Alternatives in today’s finance market for funds
Funds are increasingly engaged in the finance market, on both the borrower and lender side, with products ranging from plain vanilla to more sophisticated alternatives. This article gives an overview of the finance market for funds, highlights some of the most common structures and considers where current trends may lead.
The fund perspective has long been equity-centric: traditional funds have issued equity, invested in equity and focused on equity earnings in assessing performance. However, as the fund sector matures, these models are changing. Investors accept fund and asset-level leverage as a regular part of investing; managers and general partners consider it essential to be able to compete.

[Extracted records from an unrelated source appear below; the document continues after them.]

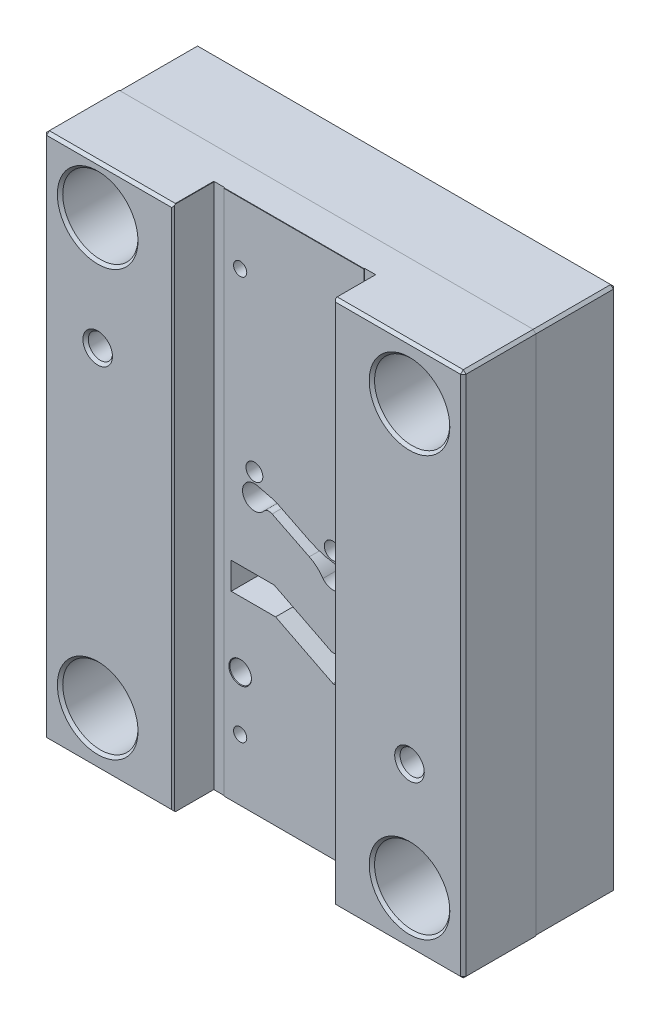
ISO-10303-21;
HEADER;
FILE_DESCRIPTION(('STEP AP214'),'2;1');
FILE_NAME('part.step','',(''),(''),'','','');
FILE_SCHEMA(('AUTOMOTIVE_DESIGN { 1 0 10303 214 1 1 1 1 }'));
ENDSEC;
DATA;
#1=APPLICATION_CONTEXT('core data for automotive mechanical design processes');
#2=APPLICATION_PROTOCOL_DEFINITION('international standard','automotive_design',2000,#1);
#3=PRODUCT_CONTEXT('',#1,'mechanical');
#4=PRODUCT('Part','Part','',(#3));
#5=PRODUCT_RELATED_PRODUCT_CATEGORY('part','',(#4));
#6=PRODUCT_DEFINITION_FORMATION('','',#4);
#7=PRODUCT_DEFINITION_CONTEXT('part definition',#1,'design');
#8=PRODUCT_DEFINITION('design','',#6,#7);
#9=PRODUCT_DEFINITION_SHAPE('','',#8);
#10=(LENGTH_UNIT() NAMED_UNIT(*) SI_UNIT(.MILLI.,.METRE.));
#11=(NAMED_UNIT(*) PLANE_ANGLE_UNIT() SI_UNIT($,.RADIAN.));
#12=(NAMED_UNIT(*) SI_UNIT($,.STERADIAN.) SOLID_ANGLE_UNIT());
#13=UNCERTAINTY_MEASURE_WITH_UNIT(LENGTH_MEASURE(1.E-05),#10,'distance_accuracy_value','');
#14=(GEOMETRIC_REPRESENTATION_CONTEXT(3) GLOBAL_UNCERTAINTY_ASSIGNED_CONTEXT((#13)) GLOBAL_UNIT_ASSIGNED_CONTEXT((#10,
#11,#12)) REPRESENTATION_CONTEXT('',''));
#15=CARTESIAN_POINT('',(0.,0.,0.));
#16=DIRECTION('',(0.,0.,1.));
#17=DIRECTION('',(1.,0.,0.));
#18=AXIS2_PLACEMENT_3D('',#15,#16,#17);
#19=CARTESIAN_POINT('',(58.0000000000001,23.0000000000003,26.0000000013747));
#20=DIRECTION('',(0.,0.,1.));
#21=DIRECTION('',(1.,0.,0.));
#22=AXIS2_PLACEMENT_3D('',#19,#20,#21);
#23=CONICAL_SURFACE('',#22,2.45849999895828,1.02974425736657);
#24=CARTESIAN_POINT('',(57.9999999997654,23.0000000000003,24.5227841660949));
#25=VERTEX_POINT('',#24);
#26=VERTEX_LOOP('',#25);
#27=FACE_BOUND('',#26,.T.);
#28=CARTESIAN_POINT('',(58.0000000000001,23.0000000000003,26.));
#29=DIRECTION('',(0.,0.,1.));
#30=DIRECTION('',(1.,0.,0.));
#31=AXIS2_PLACEMENT_3D('',#28,#29,#30);
#32=CIRCLE('',#31,2.4585);
#33=CARTESIAN_POINT('',(60.4585000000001,23.0000000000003,26.));
#34=VERTEX_POINT('',#33);
#35=EDGE_CURVE('E602',#34,#34,#32,.T.);
#36=ORIENTED_EDGE('',*,*,#35,.T.);
#37=EDGE_LOOP('',(#36));
#38=FACE_BOUND('',#37,.T.);
#39=ADVANCED_FACE('F17',(#27,#38),#23,.F.);
#40=CARTESIAN_POINT('',(99.0000000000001,161.,26.0000000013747));
#41=DIRECTION('',(0.,0.,1.));
#42=DIRECTION('',(1.,0.,0.));
#43=AXIS2_PLACEMENT_3D('',#40,#41,#42);
#44=CONICAL_SURFACE('',#43,2.45849999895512,1.02974425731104);
#45=CARTESIAN_POINT('',(98.9999999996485,161.,24.5227841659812));
#46=VERTEX_POINT('',#45);
#47=VERTEX_LOOP('',#46);
#48=FACE_BOUND('',#47,.T.);
#49=CARTESIAN_POINT('',(99.0000000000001,161.,26.));
#50=DIRECTION('',(0.,0.,1.));
#51=DIRECTION('',(1.,0.,0.));
#52=AXIS2_PLACEMENT_3D('',#49,#50,#51);
#53=CIRCLE('',#52,2.4585);
#54=CARTESIAN_POINT('',(101.4585,161.,26.));
#55=VERTEX_POINT('',#54);
#56=EDGE_CURVE('E597',#55,#55,#53,.T.);
#57=ORIENTED_EDGE('',*,*,#56,.T.);
#58=EDGE_LOOP('',(#57));
#59=FACE_BOUND('',#58,.T.);
#60=ADVANCED_FACE('F999',(#48,#59),#44,.F.);
#61=CARTESIAN_POINT('',(58.,173.,26.0000000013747));
#62=DIRECTION('',(0.,0.,1.));
#63=DIRECTION('',(1.,0.,0.));
#64=AXIS2_PLACEMENT_3D('',#61,#62,#63);
#65=CONICAL_SURFACE('',#64,2.45849999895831,1.02974425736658);
#66=CARTESIAN_POINT('',(57.9999999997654,173.,24.5227841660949));
#67=VERTEX_POINT('',#66);
#68=VERTEX_LOOP('',#67);
#69=FACE_BOUND('',#68,.T.);
#70=CARTESIAN_POINT('',(58.,173.,26.));
#71=DIRECTION('',(0.,0.,1.));
#72=DIRECTION('',(1.,0.,0.));
#73=AXIS2_PLACEMENT_3D('',#70,#71,#72);
#74=CIRCLE('',#73,2.4585);
#75=CARTESIAN_POINT('',(60.4585,173.,26.));
#76=VERTEX_POINT('',#75);
#77=EDGE_CURVE('E592',#76,#76,#74,.T.);
#78=ORIENTED_EDGE('',*,*,#77,.T.);
#79=EDGE_LOOP('',(#78));
#80=FACE_BOUND('',#79,.T.);
#81=ADVANCED_FACE('F1542',(#69,#80),#65,.F.);
#82=CARTESIAN_POINT('',(98.0000000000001,23.0000000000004,26.0000000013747));
#83=DIRECTION('',(0.,0.,1.));
#84=DIRECTION('',(1.,0.,0.));
#85=AXIS2_PLACEMENT_3D('',#82,#83,#84);
#86=CONICAL_SURFACE('',#85,2.45849999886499,1.02974425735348);
#87=CARTESIAN_POINT('',(97.9999999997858,23.0000000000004,24.5227841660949));
#88=VERTEX_POINT('',#87);
#89=VERTEX_LOOP('',#88);
#90=FACE_BOUND('',#89,.T.);
#91=CARTESIAN_POINT('',(98.0000000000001,23.0000000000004,26.));
#92=DIRECTION('',(0.,0.,1.));
#93=DIRECTION('',(1.,0.,0.));
#94=AXIS2_PLACEMENT_3D('',#91,#92,#93);
#95=CIRCLE('',#94,2.4585);
#96=CARTESIAN_POINT('',(100.4585,23.0000000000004,26.));
#97=VERTEX_POINT('',#96);
#98=EDGE_CURVE('E589',#97,#97,#95,.T.);
#99=ORIENTED_EDGE('',*,*,#98,.T.);
#100=EDGE_LOOP('',(#99));
#101=FACE_BOUND('',#100,.T.);
#102=ADVANCED_FACE('F1544',(#90,#101),#86,.F.);
#103=CARTESIAN_POINT('',(48.,196.,41.7));
#104=DIRECTION('',(-1.,0.,0.));
#105=DIRECTION('',(0.,0.,1.));
#106=AXIS2_PLACEMENT_3D('',#103,#104,#105);
#107=PLANE('',#106);
#108=DIRECTION('',(0.,0.707106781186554,0.707106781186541));
#109=VECTOR('',#108,1.);
#110=CARTESIAN_POINT('',(48.,0.100000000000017,56.1));
#111=LINE('',#110,#109);
#112=CARTESIAN_POINT('',(48.,0.100000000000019,56.1));
#113=VERTEX_POINT('',#112);
#114=CARTESIAN_POINT('',(48.,0.499999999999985,56.5));
#115=VERTEX_POINT('',#114);
#116=EDGE_CURVE('E687',#113,#115,#111,.T.);
#117=ORIENTED_EDGE('',*,*,#116,.F.);
#118=DIRECTION('',(0.,0.,1.));
#119=VECTOR('',#118,1.);
#120=CARTESIAN_POINT('',(48.,0.100000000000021,20.85));
#121=LINE('',#120,#119);
#122=CARTESIAN_POINT('',(48.,0.100000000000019,41.7));
#123=VERTEX_POINT('',#122);
#124=EDGE_CURVE('E666',#123,#113,#121,.T.);
#125=ORIENTED_EDGE('',*,*,#124,.F.);
#126=DIRECTION('',(0.,1.,0.));
#127=VECTOR('',#126,1.);
#128=CARTESIAN_POINT('',(48.,196.,41.7));
#129=LINE('',#128,#127);
#130=CARTESIAN_POINT('',(48.,195.9,41.7));
#131=VERTEX_POINT('',#130);
#132=EDGE_CURVE('E642',#123,#131,#129,.T.);
#133=ORIENTED_EDGE('',*,*,#132,.T.);
#134=DIRECTION('',(0.,0.,1.));
#135=VECTOR('',#134,1.);
#136=CARTESIAN_POINT('',(47.9999999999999,195.9,20.85));
#137=LINE('',#136,#135);
#138=CARTESIAN_POINT('',(48.,195.9,56.1000000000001));
#139=VERTEX_POINT('',#138);
#140=EDGE_CURVE('E675',#139,#131,#137,.F.);
#141=ORIENTED_EDGE('',*,*,#140,.F.);
#142=DIRECTION('',(0.,0.707106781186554,-0.707106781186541));
#143=VECTOR('',#142,1.);
#144=CARTESIAN_POINT('',(48.,195.5,56.5));
#145=LINE('',#144,#143);
#146=CARTESIAN_POINT('',(48.,195.5,56.5));
#147=VERTEX_POINT('',#146);
#148=EDGE_CURVE('E690',#147,#139,#145,.T.);
#149=ORIENTED_EDGE('',*,*,#148,.F.);
#150=DIRECTION('',(0.,1.,0.));
#151=VECTOR('',#150,1.);
#152=CARTESIAN_POINT('',(48.,147.,56.5));
#153=LINE('',#152,#151);
#154=EDGE_CURVE('E586',#115,#147,#153,.T.);
#155=ORIENTED_EDGE('',*,*,#154,.F.);
#156=EDGE_LOOP('',(#117,#125,#133,#141,#149,#155));
#157=FACE_BOUND('',#156,.T.);
#158=ADVANCED_FACE('F1551',(#157),#107,.F.);
#159=CARTESIAN_POINT('',(0.,195.,56.));
#160=DIRECTION('',(-0.577350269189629,0.57735026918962,0.577350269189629));
#161=DIRECTION('',(0.707106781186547,0.,0.707106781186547));
#162=AXIS2_PLACEMENT_3D('',#159,#160,#161);
#163=PLANE('',#162);
#164=DIRECTION('',(-0.707106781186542,-0.707106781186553,0.));
#165=VECTOR('',#164,1.);
#166=CARTESIAN_POINT('',(0.499999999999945,195.5,56.));
#167=LINE('',#166,#165);
#168=CARTESIAN_POINT('',(0.,195.,56.));
#169=VERTEX_POINT('',#168);
#170=CARTESIAN_POINT('',(0.999999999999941,196.,56.));
#171=VERTEX_POINT('',#170);
#172=EDGE_CURVE('E669',#169,#171,#167,.F.);
#173=ORIENTED_EDGE('',*,*,#172,.F.);
#174=DIRECTION('',(0.707106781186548,0.,0.707106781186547));
#175=VECTOR('',#174,1.);
#176=CARTESIAN_POINT('',(0.499999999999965,195.,56.5));
#177=LINE('',#176,#175);
#178=CARTESIAN_POINT('',(0.999999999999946,195.,57.));
#179=VERTEX_POINT('',#178);
#180=EDGE_CURVE('E574',#179,#169,#177,.F.);
#181=ORIENTED_EDGE('',*,*,#180,.F.);
#182=DIRECTION('',(0.,-0.707106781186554,0.707106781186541));
#183=VECTOR('',#182,1.);
#184=CARTESIAN_POINT('',(0.999999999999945,195.5,56.5));
#185=LINE('',#184,#183);
#186=EDGE_CURVE('E577',#171,#179,#185,.T.);
#187=ORIENTED_EDGE('',*,*,#186,.F.);
#188=EDGE_LOOP('',(#173,#181,#187));
#189=FACE_BOUND('',#188,.T.);
#190=ADVANCED_FACE('F1557',(#189),#163,.T.);
#191=CARTESIAN_POINT('',(0.499999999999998,0.499999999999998,56.));
#192=DIRECTION('',(-0.577350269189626,-0.577350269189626,0.577350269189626));
#193=DIRECTION('',(0.,-0.707106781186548,-0.707106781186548));
#194=AXIS2_PLACEMENT_3D('',#191,#192,#193);
#195=PLANE('',#194);
#196=DIRECTION('',(0.707106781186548,0.,0.707106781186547));
#197=VECTOR('',#196,1.);
#198=CARTESIAN_POINT('',(0.499999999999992,0.999999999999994,56.5));
#199=LINE('',#198,#197);
#200=CARTESIAN_POINT('',(0.,0.999999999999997,56.));
#201=VERTEX_POINT('',#200);
#202=CARTESIAN_POINT('',(0.999999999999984,0.999999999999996,57.));
#203=VERTEX_POINT('',#202);
#204=EDGE_CURVE('E571',#201,#203,#199,.T.);
#205=ORIENTED_EDGE('',*,*,#204,.F.);
#206=DIRECTION('',(0.707106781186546,-0.707106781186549,0.));
#207=VECTOR('',#206,1.);
#208=CARTESIAN_POINT('',(0.499999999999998,0.5,56.));
#209=LINE('',#208,#207);
#210=CARTESIAN_POINT('',(0.999999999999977,0.,56.));
#211=VERTEX_POINT('',#210);
#212=EDGE_CURVE('E660',#211,#201,#209,.F.);
#213=ORIENTED_EDGE('',*,*,#212,.F.);
#214=DIRECTION('',(0.,-0.707106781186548,-0.707106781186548));
#215=VECTOR('',#214,1.);
#216=CARTESIAN_POINT('',(0.999999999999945,0.499999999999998,56.5));
#217=LINE('',#216,#215);
#218=EDGE_CURVE('E565',#203,#211,#217,.T.);
#219=ORIENTED_EDGE('',*,*,#218,.F.);
#220=EDGE_LOOP('',(#205,#213,#219));
#221=FACE_BOUND('',#220,.T.);
#222=ADVANCED_FACE('F1561',(#221),#195,.T.);
#223=CARTESIAN_POINT('',(108.,196.,57.));
#224=DIRECTION('',(1.,0.,0.));
#225=DIRECTION('',(0.,0.,-1.));
#226=AXIS2_PLACEMENT_3D('',#223,#224,#225);
#227=PLANE('',#226);
#228=DIRECTION('',(0.,-0.707106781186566,0.707106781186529));
#229=VECTOR('',#228,1.);
#230=CARTESIAN_POINT('',(108.,195.9,56.1000000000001));
#231=LINE('',#230,#229);
#232=CARTESIAN_POINT('',(108.,195.9,56.1000000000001));
#233=VERTEX_POINT('',#232);
#234=CARTESIAN_POINT('',(108.,195.5,56.5));
#235=VERTEX_POINT('',#234);
#236=EDGE_CURVE('E681',#233,#235,#231,.T.);
#237=ORIENTED_EDGE('',*,*,#236,.F.);
#238=DIRECTION('',(0.,0.,1.));
#239=VECTOR('',#238,1.);
#240=CARTESIAN_POINT('',(108.,195.9,28.5));
#241=LINE('',#240,#239);
#242=CARTESIAN_POINT('',(108.,195.9,41.7));
#243=VERTEX_POINT('',#242);
#244=EDGE_CURVE('E678',#243,#233,#241,.T.);
#245=ORIENTED_EDGE('',*,*,#244,.F.);
#246=DIRECTION('',(0.,1.,0.));
#247=VECTOR('',#246,1.);
#248=CARTESIAN_POINT('',(108.,196.,41.7));
#249=LINE('',#248,#247);
#250=CARTESIAN_POINT('',(108.,0.100000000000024,41.7));
#251=VERTEX_POINT('',#250);
#252=EDGE_CURVE('E651',#243,#251,#249,.F.);
#253=ORIENTED_EDGE('',*,*,#252,.T.);
#254=DIRECTION('',(0.,0.,1.));
#255=VECTOR('',#254,1.);
#256=CARTESIAN_POINT('',(108.,0.100000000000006,28.5));
#257=LINE('',#256,#255);
#258=CARTESIAN_POINT('',(108.,0.100000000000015,56.1));
#259=VERTEX_POINT('',#258);
#260=EDGE_CURVE('E657',#259,#251,#257,.F.);
#261=ORIENTED_EDGE('',*,*,#260,.F.);
#262=DIRECTION('',(0.,-0.707106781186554,-0.707106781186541));
#263=VECTOR('',#262,1.);
#264=CARTESIAN_POINT('',(108.,0.5,56.5));
#265=LINE('',#264,#263);
#266=CARTESIAN_POINT('',(108.,0.5,56.5));
#267=VERTEX_POINT('',#266);
#268=EDGE_CURVE('E684',#267,#259,#265,.T.);
#269=ORIENTED_EDGE('',*,*,#268,.F.);
#270=DIRECTION('',(0.,1.,0.));
#271=VECTOR('',#270,1.);
#272=CARTESIAN_POINT('',(108.,147.,56.5));
#273=LINE('',#272,#271);
#274=EDGE_CURVE('E554',#235,#267,#273,.F.);
#275=ORIENTED_EDGE('',*,*,#274,.F.);
#276=EDGE_LOOP('',(#237,#245,#253,#261,#269,#275));
#277=FACE_BOUND('',#276,.T.);
#278=ADVANCED_FACE('F1565',(#277),#227,.F.);
#279=CARTESIAN_POINT('',(155.5,0.500000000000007,56.));
#280=DIRECTION('',(0.577350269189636,-0.577350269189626,0.577350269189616));
#281=DIRECTION('',(0.707106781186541,0.707106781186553,0.));
#282=AXIS2_PLACEMENT_3D('',#279,#280,#281);
#283=PLANE('',#282);
#284=DIRECTION('',(0.707106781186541,0.,-0.707106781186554));
#285=VECTOR('',#284,1.);
#286=CARTESIAN_POINT('',(155.5,1.,56.5));
#287=LINE('',#286,#285);
#288=CARTESIAN_POINT('',(155.,1.,57.));
#289=VERTEX_POINT('',#288);
#290=CARTESIAN_POINT('',(156.,1.00000000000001,56.));
#291=VERTEX_POINT('',#290);
#292=EDGE_CURVE('E542',#289,#291,#287,.T.);
#293=ORIENTED_EDGE('',*,*,#292,.F.);
#294=DIRECTION('',(0.,-0.707106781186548,-0.707106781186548));
#295=VECTOR('',#294,1.);
#296=CARTESIAN_POINT('',(155.,0.499999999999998,56.5));
#297=LINE('',#296,#295);
#298=CARTESIAN_POINT('',(155.,0.,56.));
#299=VERTEX_POINT('',#298);
#300=EDGE_CURVE('E545',#299,#289,#297,.F.);
#301=ORIENTED_EDGE('',*,*,#300,.F.);
#302=DIRECTION('',(0.707106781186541,0.707106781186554,0.));
#303=VECTOR('',#302,1.);
#304=CARTESIAN_POINT('',(155.5,0.500000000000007,56.));
#305=LINE('',#304,#303);
#306=EDGE_CURVE('E627',#291,#299,#305,.F.);
#307=ORIENTED_EDGE('',*,*,#306,.F.);
#308=EDGE_LOOP('',(#293,#301,#307));
#309=FACE_BOUND('',#308,.T.);
#310=ADVANCED_FACE('F1569',(#309),#283,.T.);
#311=CARTESIAN_POINT('',(155.5,195.5,56.));
#312=DIRECTION('',(0.577350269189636,0.577350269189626,0.577350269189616));
#313=DIRECTION('',(-0.707106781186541,0.707106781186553,0.));
#314=AXIS2_PLACEMENT_3D('',#311,#312,#313);
#315=PLANE('',#314);
#316=DIRECTION('',(0.,-0.707106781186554,0.707106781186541));
#317=VECTOR('',#316,1.);
#318=CARTESIAN_POINT('',(155.,195.5,56.5));
#319=LINE('',#318,#317);
#320=CARTESIAN_POINT('',(155.,195.,57.));
#321=VERTEX_POINT('',#320);
#322=CARTESIAN_POINT('',(155.,196.,56.));
#323=VERTEX_POINT('',#322);
#324=EDGE_CURVE('E533',#321,#323,#319,.F.);
#325=ORIENTED_EDGE('',*,*,#324,.F.);
#326=DIRECTION('',(0.707106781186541,0.,-0.707106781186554));
#327=VECTOR('',#326,1.);
#328=CARTESIAN_POINT('',(155.5,195.,56.5));
#329=LINE('',#328,#327);
#330=CARTESIAN_POINT('',(156.,195.,56.));
#331=VERTEX_POINT('',#330);
#332=EDGE_CURVE('E539',#331,#321,#329,.F.);
#333=ORIENTED_EDGE('',*,*,#332,.F.);
#334=DIRECTION('',(-0.707106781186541,0.707106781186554,0.));
#335=VECTOR('',#334,1.);
#336=CARTESIAN_POINT('',(155.5,195.5,56.));
#337=LINE('',#336,#335);
#338=EDGE_CURVE('E633',#323,#331,#337,.F.);
#339=ORIENTED_EDGE('',*,*,#338,.F.);
#340=EDGE_LOOP('',(#325,#333,#339));
#341=FACE_BOUND('',#340,.T.);
#342=ADVANCED_FACE('F1573',(#341),#315,.T.);
#343=CARTESIAN_POINT('',(108.05,195.95,28.5));
#344=DIRECTION('',(-0.707106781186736,0.707106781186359,0.));
#345=DIRECTION('',(-0.707106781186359,-0.707106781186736,0.));
#346=AXIS2_PLACEMENT_3D('',#343,#344,#345);
#347=PLANE('',#346);
#348=DIRECTION('',(-0.707106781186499,-0.707106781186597,0.));
#349=VECTOR('',#348,1.);
#350=CARTESIAN_POINT('',(108.1,196.,41.7));
#351=LINE('',#350,#349);
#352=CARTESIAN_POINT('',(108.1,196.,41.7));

In the last six years, the mainstream bank-sponsored funds finance market has expanded year-on-year. The subscription credit facility market - the traditional place for debt finance in the funds world - remains strong, and leveraged facilities for hedge funds, together with hybrid facilities have also become increasingly commonplace.
Traditional financing solutions
Subscription credit facilities have traditionally been used to enable funds' general partners to bridge capital calls and investments in private equity structures. Loans are made to the fund (which is most commonly structured as a partnership) and secured against the right of the general partner to call down commitments from limited partners. Proceeds are used to fund investments and can also be combined with letter of credit facilities to facilitate acquisitions. They are useful for:
- funds making investments in short timeframes, where drawdown periods mean that equity financing is not sufficiently flexible as an acquisition bridge to a future long - term asset finance arrangement (e.g. in the context of a real estate fund); and
- emerging markets managers who have to currency match between the amount being called and the amount required for investment, in often volatile exchange environments.
Funds wanting to borrow need to include certain provisions in their constitutional documents in advance. Many form limited partnership agreements, offering documents and subscription agreements already include the necessary terms permitting borrowing, providing appropriate powers to the general partner and/or investment manager, bankable drawdown terms, powers of attorney and third-party rights where appropriate. Side letters can still be controversial - terms need to be carefully considered as excused partners and partners with opt-out or transfer rights for their commitments will all impact the credit analysis.
In the credit and security agreements themselves, relatively standard documents have been developed, and negotiated provisions include events of default such as key man terms, negative covenants including those dealing with alternative investment structures and co-investments and terms around delivery of notices to limited partners regarding the assignment of call rights. However, there are a number of sophisticated lenders in the market who understand the challenges faced by general partners and investment managers in this context and commercial solutions are generally available.
Alternative and hybrid financing solutions
In addition to the traditional subscription credit agreement market, bank lenders also regularly extend facilities to hedge funds, including asset-backed facilities and derivatives-based arrangements. Funds are increasingly using hybrid facilities to provide whole life-cycle leverage - subscription-credit facilities can be drawn for purposes of making investments up front and converted into asset-backed loans for continued financing through the fund's life cycle.
Funds finance has enjoyed an excellent credit profile to date. Default rates are practically non-existent, except technical covenant-based defaults which have generally been easily remedied, and this has made it an attractive proposition for alternative credit providers. Financial commentators have highlighted a decrease in bank lending as a proportion of financial markets debt, while alternative credit provision is diversifying and expanding. In line with this general trend, leverage provision through the secondaries and fund of funds markets is growing fast, and in recent deals we have also seen funds using capital markets and securitisation-based structures to raise additional finance.
Administrators and other market participants are identifying opportunities in facilitating peer-to-peer lending arrangements which are attractive to funds as both borrower and lender. Lending platforms are becoming increasingly common, essentially electronic networks which connect potential finance providers with potential finance consumers for communication and trade purposes. These are often developed by banks or other large market participants, but funds are investing in them and managers are also using them to benefit from counterparty accessibility, open availability of pricing information and efficient trade generation.
The proliferation of financial technologies is breaking down traditional barriers to funding and generating opportunities in all corners of the market for alternative credit providers and alternative credit consumers. We expect that for the most agile fund managers, finding arbitrage between operations on both the lender and borrower side will be a lucrative source of income for the foreseeable future.